A segurança pública é um dos grandes dramas do Brasil — e não apenas pelas lamentáveis 47 500 mortes violentas anotadas em 2022, ano com os dados completos já contabilizados (o levantamento de 2023 ainda não foi divulgado). O problema ganha relevo, e impõe decisões rápidas e vigorosas, dada a capilaridade das organizações criminosas. No Rio de Janeiro, as milícias dominam bairros inteiros em permanente jogo de chantagem. O autointitulado PCC saiu de São Paulo, onde brotou, para o Norte — e rege na marra as regiões de garimpo.
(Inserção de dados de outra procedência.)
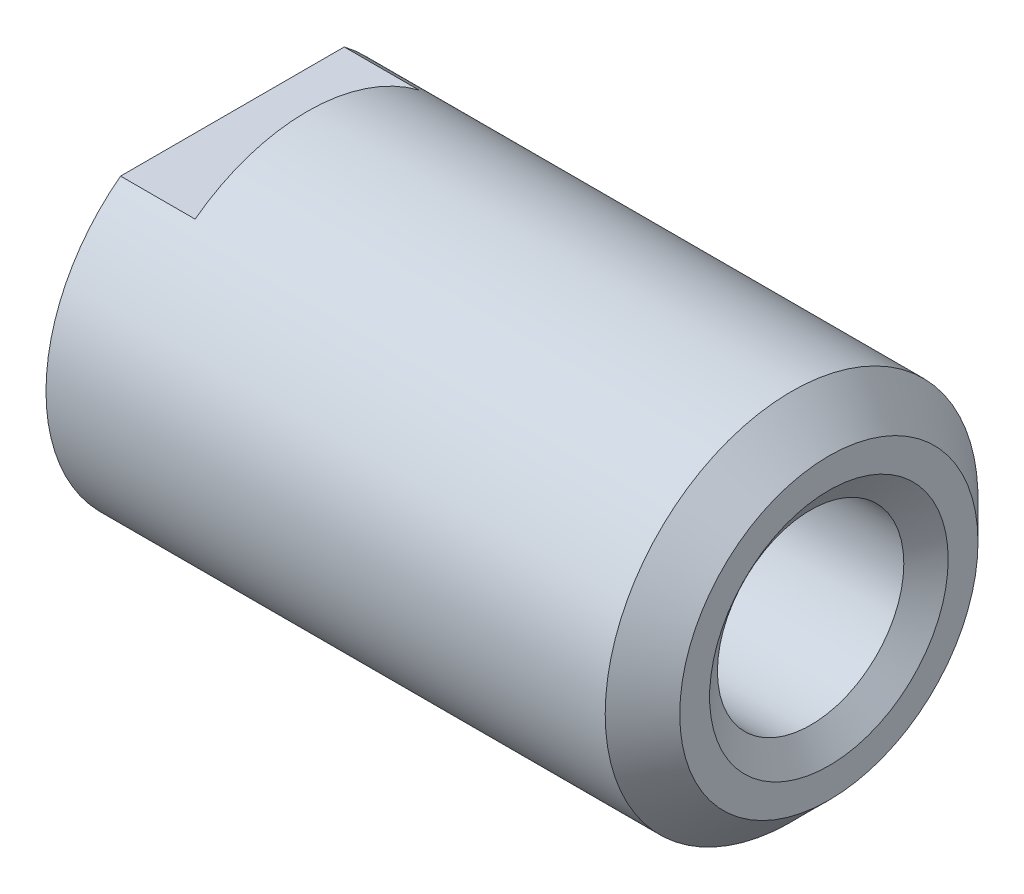
SolidWorks part; units mm, degrees
ref_plane "Спереди" through (0, 0, 0) normal (0, 0, 1) x (1, 0, 0)
ref_plane "Сверху" through (0, 0, 0) normal (0, 1, 0) x (1, 0, 0)
ref_plane "Справа" through (0, 0, 0) normal (1, 0, 0) x (0, 0, -1)
sketch "Эскиз1" plane through (0, 0, 0) normal (0, 0, 1) x (1, 0, 0)
  line L0 (0, 0) -> (16.4018, 0) construction
  line L1 (0, 1.25) -> (0, 2.5)
  line L2 (0, 2.5) -> (8, 2.5)
  line L3 (8, 2.5) -> (8, 1.25)
  line L4 (8, 1.25) -> (0, 1.25)
  dimension "D1" = 2.5
  dimension "D2" = 5
  dimension "D3" = 8
revolve "Повернуть1" add sketch "Эскиз1" angle 360 about L0
cosmetic thread "Отверстие резьбы1" parameters "D2"=3
cosmetic thread "Условное изображение резьбы1" parameters "D1"=5, "D2"=4.11
hole_wizard "Отверстие обработанное метчиком M31" positions "Эскиз3" profile "Эскиз2" tap size "M3" standard "DIN" end condition through all
sketch "Эскиз3" plane through (8, 0, 0) normal (1, 0, 0) x (0, 0, -1)
  circle A0 centre (0, 0) radius 1.25 construction
  point P0 (0, 0)
sketch "Эскиз2" plane through (8, 0, 0) normal (0, 1, 0) x (0, 0, -1)
  line L0 (0, 0) -> (0, 8)
  line L1 (0, 8) -> (1.6, 8)
  line L2 (1.25, 7.7549) -> (1.25, 0.2451)
  line L3 (1.25, 0.2451) -> (1.6, 0)
  line L5 (1.6, 0) -> (0, 0)
  line L6 (-1.25, 0.2451) -> (-1.6, 0) construction
  line L7 (1.6, 8) -> (1.25, 7.7549)
  line L8 (-1.6, 8) -> (-1.25, 7.7549) construction
  line L11 (0, -6.35) -> (0, 107.95) construction
  dimension "Диаметр проходного сверла" = 2.5
  dimension "Глубина проходного сверла" = 8
  dimension "Диаметр передней зенковки" = 3.2
  dimension "Угол передней зенковки" = 110
  dimension "Диаметр задней зенковки" = 3.2
  dimension "Угол задней зенковки" = 110
chamfer "Фаска1" distance 0.5 angle 45 1 edges at (8, 0, 2.5)
sketch "Эскиз4" plane through (0, 0, 0) normal (-1, 0, 0) x (0, 0, 1)
  line L0 (-1.5, 2) -> (1.5, 2)
  line L1 (1.5, -2) -> (-1.5, -2)
  circle A0 centre (0, 0) radius 2.5 construction
  circle M2 centre (0, 0) radius 2.5
  dimension "D1" = 4
extrude "Вырез-Вытянуть1" cut sketch "Эскиз4" against normal blind 1 contours L0 M2 | L1 M2

Os bandidos, ao bel-prazer, controlam o tráfico de drogas e as penitenciárias de todo o país. Mandam e desmandam. No cotidiano, especialmente nas cidades grandes, os furtos de smartphones viraram norma. Não é aceitável que a sociedade viva à sombra do medo.
Diante desse cenário, a escolha do ministro da Justiça tem sido, já há alguns anos, uma decisão relevante para qualquer governo. O ministro Flávio Dino, a caminho do Supremo, dizia gastar 80% de seus dias com a segurança pública, parcela de tempo que mostra o tamanho do enrosco. Ao escolher Ricardo Lewandowski como o novo chefe da pasta, o presidente Lula pôs a seu lado um amigo de longa data — servidor que, durante o tempo no STF, se preocupou em achar saídas legais para os atropelos do petista nas denúncias da Lava-Jato e teve papel central na decisão pela soltura de Lula, depois de 580 dias de prisão em Curitiba, com a suspeição sobre a imparcialidade do juiz Sergio Moro e a anulação do processo porque a tramitação do caso ocorreu fora da jurisdição correta.
Há, porém, um imenso problema. Lewandowski tem comprovada experiência em assuntos do Judiciário e, claro, haverá de manter ótimo relacionamento com Lula. Contudo, parece inegável não ter desenvoltura com os nós da segurança, numa engrenagem que envolve a violência de armas em mãos, mais evidente, mas também a bandidagem eletrônica — e não por acaso o governo federal acaba de criminalizar o chamado cyberbullying. Os planos de Lewandowski na seara de proteção dos cidadãos ainda não estão claros, e nos primeiros dias ele foi lento demais na nomeação de profissionais que o ajudarão na empreitada. Por natural, o novo ministro pode vir a ter assessores que conheçam os intestinos do assunto — e, nesse aspecto, vale lamentar a saída do número 2 de Dino, Ricardo Cappelli.
Mas há sempre tempo de aprendizado, e Lewandowski, assim como sua equipe, pode vir a surpreender positivamente. É preciso, porém, ir com rapidez, porque a bandidagem já está instalada — e ao Ministério da Justiça cabe deixar um pouco de lado a ideologia, as disputas políticas, a toga e suas liturgias, e concentrar-se imediatamente nessa espinhosa — e urgente — missão. É o único modo de fazer retroceder o terror que anda pelas ruas. O zelo pela segurança pública é atalho para uma nação mais digna, um direito dos cidadãos que nela habitam e pagam impostos.